Ahh, Athens…It is the oldest capital city in Europe, has more theaters than Broadway and the West End combined and home of the first known democracy. The Hotel Grande Bretagne is the oldest hotel in the city. It started as a royal guest house back in the 1800’s; was the Nazi Headquarters during their occupation in WWII and is now one of the best. Ask your North South Travel advisor about special Virtuoso perks. Here are a few must sees to get you started in this city that is packed with stuff to do!
Dedicated to the goddess Athena; reflecting the glory and beauty of ancient Greece, what you see today was mostly built in the mid 5 th century BC. It is the most complete complex that still exists; more has been written about it than you can imagine.Here are just a few facts… the marble came from 10 miles away. It was hard to cut, hard to transport and loved for its even white color. Funny because the buildings were colorfully painted over it, traces still remain. The Parthenon was originally a temple dedicated to Athena. Later it became a church and then a mosque. The roof was destroyed in 1687. The Ottoman’s used it to store their gunpowder. The Venetians blew it up. Restoration of the Acropolis started in 1975. It’s still on going.

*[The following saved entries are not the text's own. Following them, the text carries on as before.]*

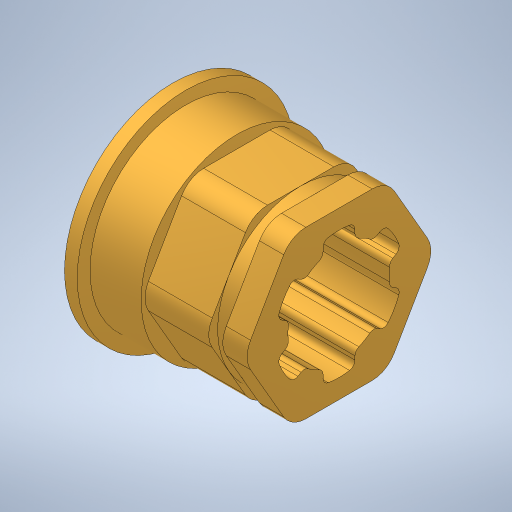
# Autodesk Inventor part: Bushing
Saved by Autodesk Inventor 2023.2 (Build 272271000, 271)
## iProperties
Created: 2024-01-10
Part Number: Bushing
Material: Brass, Soft Yellow
Document SubType Name: Modeling
Designer: Nathan Cai
Mass: 15.747 g
Surface Area: 19.291 cm^2
Volume: 1.85915 cm^3
Density: 8.47 g/cm^3
Appearance: Brass - Satin
Author: Nathan Cai
Autodesk Inventor part; units mm, degrees
ref_plane "YZ Plane" through (0, 0, 0) normal (1, 0, 0) x (0, 1, 0)
ref_plane "XZ Plane" through (0, 0, 0) normal (0, 1, 0) x (-1, 0, 0)
ref_plane "XY Plane" through (0, 0, 0) normal (0, 0, 1) x (1, 0, 0)
sketch "Sketch1" plane through (0, 0, 0) normal (1, 0, 0) x (0, 1, 0)
  circle A0 centre (0, 0) radius 4
  line L0 (4, 0) -> (0, 0) construction
  circle A1 centre (0, 0) radius 6.5 construction
  line L1 (6.5, -3.7528) -> (0, -7.5056)
  line L2 (0, -7.5056) -> (-6.5, -3.7528)
  line L3 (-6.5, -3.7528) -> (-6.5, 3.7528)
  line L4 (-6.5, 3.7528) -> (0, 7.5056)
  line L5 (0, 7.5056) -> (6.5, 3.7528)
  line L6 (6.5, 3.7528) -> (6.5, -3.7528)
  circle A2 centre (0, 0) radius 5
  line L7 (0, 1.25) -> (4.8412, 1.25)
  line L8 (4.8412, 1.25) -> (4.8412, -1.25) construction
  line L9 (4.8412, -1.25) -> (0, -1.25)
  line L10 (0, -1.25) -> (0, 1.25) construction
  line L11 (0, 1.25) -> (4.8412, -1.25) construction
  line L12 (4.8412, 1.25) -> (0, -1.25) construction
  line L13 (-1.0825, 0.625) -> (1.3381, 4.8176)
  line L14 (3.5031, 3.5676) -> (1.0825, -0.625)
  line L15 (-1.0825, -0.625) -> (-3.5031, 3.5676)
  line L16 (-1.3381, 4.8176) -> (1.0825, 0.625)
  line L17 (0, -1.25) -> (-4.8412, -1.25)
  line L18 (-4.8412, 1.25) -> (0, 1.25)
  line L19 (1.0825, -0.625) -> (-1.3381, -4.8176)
  line L20 (-3.5031, -3.5676) -> (-1.0825, 0.625)
  line L21 (1.0825, 0.625) -> (3.5031, -3.5676)
  line L22 (1.3381, -4.8176) -> (-1.0825, -0.625)
  point P0 (6.5, 0)
  point P1 (2.4206, 0)
  point P2 (-3.5031, -3.5676)
  point P3 (-2.9824, -2.6656)
  point P4 (-3.7997, -1.25)
  point P5 (-4.8412, -1.25)
  point P6 (-3.7997, 1.25)
  point P7 (-2.9824, 2.6656)
  point P8 (-1.3381, 4.8176)
  point P9 (-0.8173, 3.9156)
  point P10 (0.8173, 3.9156)
  point P11 (1.3381, 4.8176)
  point P12 (3.5031, 3.5676)
  point P13 (2.9824, 2.6656)
  point P14 (3.7997, 1.25)
  point P15 (4.8412, 1.25)
  point P16 (3.7997, -1.25)
  point P17 (2.9824, -2.6656)
  point P18 (3.5031, -3.5676)
  point P19 (1.3381, -4.8176)
  point P20 (0.8173, -3.9156)
  point P21 (-0.8173, -3.9156)
  point P22 (-1.3381, -4.8176)
  dimension "d0" = 8
  dimension "d28" = 10
  dimension "d5" = 13
  dimension "d29" = 2.5
  dimension "d32" = 360
  constraints: 46 end point, 4 coincident, 4 midpoint, 2 parallel, 2 perpendicular, 2 point on line, 1 centre point, 1 horizontal, 1 tangent, 56 other
  measures "d5" diameter of A1
  measures "d29" distance between parallel lines of L7 L9
extrude "Extrusion1" add sketch "Sketch1" along normal blind 13 contours A0 L14 A2 L7 | L9 A2 L21 A0 | A0 L16 A2 L13 | L22 A2 L19 A0 | A0 L18 A2 L15 | L20 A2 L17 A0 | L1 L2 L3 L4 L5 L6
sketch "Sketch2" plane through (0, 0, 0) normal (-1, 0, 0) x (0, 0, 1)
  circle A0 centre (0, 0) radius 7.5
  line L0 (3.7528, 6.5) -> (7.5056, 0) projected
  line L1 (-3.7528, 6.5) -> (3.7528, 6.5) projected
  line L2 (-7.5056, 0) -> (-3.7528, 6.5) projected
  line L3 (-3.7528, -6.5) -> (-7.5056, 0) projected
  line L4 (3.7528, -6.5) -> (-3.7528, -6.5) projected
  line L5 (7.5056, 0) -> (3.7528, -6.5) projected
  circle A1 centre (0, 0) radius 6.5 construction
  line L6 (-3.7528, -6.5) -> (-7.5056, 0) projected
  line L7 (7.5056, 0) -> (3.7528, -6.5) projected
  line L8 (3.7528, 6.5) -> (7.5056, 0) projected
  line L9 (-3.7528, 6.5) -> (3.7528, 6.5) projected
  line L10 (-7.5056, 0) -> (-3.7528, 6.5) projected
  line L11 (-3.7528, -6.5) -> (-7.5056, 0) projected
  line L12 (3.7528, -6.5) -> (-3.7528, -6.5) projected
  line L13 (7.5056, 0) -> (3.7528, -6.5) projected
  line L14 (-3.5676, -3.5031) -> (-2.6656, -2.9824) projected
  arc A2 (-4.8176, -1.3381) -> (-3.5676, -3.5031) centre (0, 0) ccw projected
  line L15 (-3.9156, -0.8173) -> (-4.8176, -1.3381) projected
  arc A3 (-3.9156, 0.8173) -> (-3.9156, -0.8173) centre (0, 0) ccw projected
  line L16 (-4.8176, 1.3381) -> (-3.9156, 0.8173) projected
  arc A4 (-3.5676, 3.5031) -> (-4.8176, 1.3381) centre (0, 0) ccw projected
  line L17 (-2.6656, 2.9824) -> (-3.5676, 3.5031) projected
  arc A5 (-1.25, 3.7997) -> (-2.6656, 2.9824) centre (0, 0) ccw projected
  line L18 (-1.25, 4.8412) -> (-1.25, 3.7997) projected
  arc A6 (1.25, 4.8412) -> (-1.25, 4.8412) centre (0, 0) ccw projected
  line L19 (1.25, 3.7997) -> (1.25, 4.8412) projected
  arc A7 (2.6656, 2.9824) -> (1.25, 3.7997) centre (0, 0) ccw projected
  line L20 (3.5676, 3.5031) -> (2.6656, 2.9824) projected
  arc A8 (4.8176, 1.3381) -> (3.5676, 3.5031) centre (0, 0) ccw projected
  line L21 (3.9156, 0.8173) -> (4.8176, 1.3381) projected
  arc A9 (3.9156, -0.8173) -> (3.9156, 0.8173) centre (0, 0) ccw projected
  line L22 (4.8176, -1.3381) -> (3.9156, -0.8173) projected
  arc A10 (3.5676, -3.5031) -> (4.8176, -1.3381) centre (0, 0) ccw projected
  line L23 (2.6656, -2.9824) -> (3.5676, -3.5031) projected
  arc A11 (1.25, -3.7997) -> (2.6656, -2.9824) centre (0, 0) ccw projected
  line L24 (1.25, -4.8412) -> (1.25, -3.7997) projected
  arc A12 (-1.25, -4.8412) -> (1.25, -4.8412) centre (0, 0) ccw projected
  line L25 (-1.25, -3.7997) -> (-1.25, -4.8412) projected
  arc A13 (-2.6656, -2.9824) -> (-1.25, -3.7997) centre (0, 0) ccw projected
  dimension "d35" = 15
  constraints: 2 centre point, 2 coincident, 2 tangent
  measures "d35" diameter of A0
extrude "Extrusion2" add sketch "Sketch2" against normal blind 5 contours A0 L5 L4 L3 L2 L1 L0 | L0 A0 | A0 L5 | L1 A0 | A0 L4 | L2 A0 | A0 L3
fillet "Fillet2" radius 0.5 24 edges at (6.5, 4.8412, -1.25) (6.5, 3.7997, -1.25) (6.5, 2.9824, -2.6656) (6.5, 3.5031, -3.5676) (6.5, 0.8173, -3.9156) (6.5, 1.3381, -4.8176) (6.5, -0.8173, -3.9156) (6.5, -1.3381, -4.8176) (6.5, -3.5031, -3.5676) (6.5, -2.9824, -2.6656) (6.5, -3.7997, -1.25) (6.5, -4.8412, -1.25) (6.5, -4.8412, 1.25) (6.5, -3.7997, 1.25) (6.5, -2.9824, 2.6656) (6.5, -3.5031, 3.5676) (6.5, -1.3381, 4.8176) (6.5, -0.8173, 3.9156) (6.5, 1.3381, 4.8176) (6.5, 0.8173, 3.9156) (6.5, 3.5031, 3.5676) (6.5, 2.9824, 2.6656) (6.5, 3.7997, 1.25) (6.5, 4.8412, 1.25)
fillet "Fillet1" radius 2 6 edges at (6.5, 6.5, 3.7528) (6.5, 6.5, -3.7528) (6.5, 0, 7.5056) (6.5, -6.5, 3.7528) (6.5, -6.5, -3.7528) (6.5, 0, -7.5056)
ref_plane "Work Plane1" through (7, 0, 0) normal (1, 0, 0) x (0, 0, -1)
sketch "Sketch4" plane through (0, 0, 0) normal (-1, 0, 0) x (0, 0, 1)
  circle A0 centre (0, 0) radius 7.5 projected
  circle A1 centre (0, 0) radius 8.5
  point P0 (0, 0)
  dimension "d20" = 1
  constraints: 1 centre point
  measures "d20" radial gap between concentric circles of A0 A1
extrude "Extrusion4" add sketch "Sketch4" against normal blind 1
ref_plane "Work Plane2" through (10, 0, 0) normal (1, 0, 0) x (0, 0, -1)
sketch "Sketch5" plane through (10, 0, 0) normal (1, 0, 0) x (0, 0, -1)
  circle A0 centre (0, 0) radius 6.5
  circle A1 centre (0, 0) radius 12.5
  dimension "d24" = 13
  dimension "d25" = 25
  constraints: 2 centre point, 2 coincident
  measures "d24" diameter of A0
  measures "d25" diameter of A1
extrude "Extrusion5" cut sketch "Sketch5" along normal blind 1.1
body "Solid1"

The National Archaeology Museum (and the Hellenic Motor Museum):
One of those must do museums, it has the greatest collection of ancient Greek artifacts. The original building was completed in 1889. It has been renovated and expanded several times as the collection has grown. Some special things to look out for include the Mask of Agamemnon (a gold funeral mask often described as the Mona Lisa of prehistory , 1550-1500 BC), the Artemision Bronze (probably of Zeus, rescued from a sunken ship in 1926, iconic image, found on postage stamps, bank notes and tourist tat), the boxing boys fresco (from Santorini, boy on left wears jewelry so was probably higher social status, boy on right has spondylolisthesis, an injury/deformity to the vertebrae and a degree of realism rarely depicted, discovered in 1967, they had been buried by an earthquake that occurred in 1600 BC ish) and the nine mummies gifted by the Egyptian Government when the museum was first opened. For a break from classic sculpture head to the Hellenic Motor Museum only a few blocks away to see over 100 classic cars on display and try the Formula one simulator.
The Planka Neighborhood: Old historical area referred to as Neighborhood of the
Gods, it is filled with windy streets, neoclassical architecture, restaurants, cafes and both artisan and touristy shops. Continuously inhabited since antiquity, great place for wandering.
The National Gardens: 15 hectares dotted with some ancient ruins; capitols and mosaics are just lying on the ground. This huge public park is a great escape from the summer heat and a nice rest from sightseeing. It is sometimes called the ‘Garden of Amelia” after the Queen who was instrumental in its founding. She actually worked in the garden and planted the palms by the entrance gate on Vasilissis Amalias Avenue. Bring leftovers from breakfast. there are 6 lakes with ducks you can feed. Lastly, find the famous sundial near the main entrance…try figuring out what time it is then check against your watch. It’s harder than you’d think.
Cine Paris: Film with a view. This outdoor rooftop cinema is beloved by locals and tourists who want to watch a movie and look over at the Acropolis. A fabulous summer treat, its open from May to October. Most movies are in English, some have English subtitles. Grab a beer and some snacks. Tickets on Tuesdays and Wednesdays are only 5 euro. At the ground floor entrance is a shop selling wonderful movie posters. Private boxes are available or just sit with masses!
Lycabettus Hill: Take the funicular or the many steps to the best views over the Acropolis. This is the perfect place to watch the sunset. The funicular down is thru a tunnel so no view, way better to walk down if you can. There is a large modern open air theater where the likes of Bob Dylan, Nick Cave and Radiohead have played. Your hotel may have to help you figure out what if anything is playing when you are there. The website is not very helpful! A quick visit to the small Greek church or dinner at the upscale restaurant called Orizontes are other ways to enjoy the hilltop.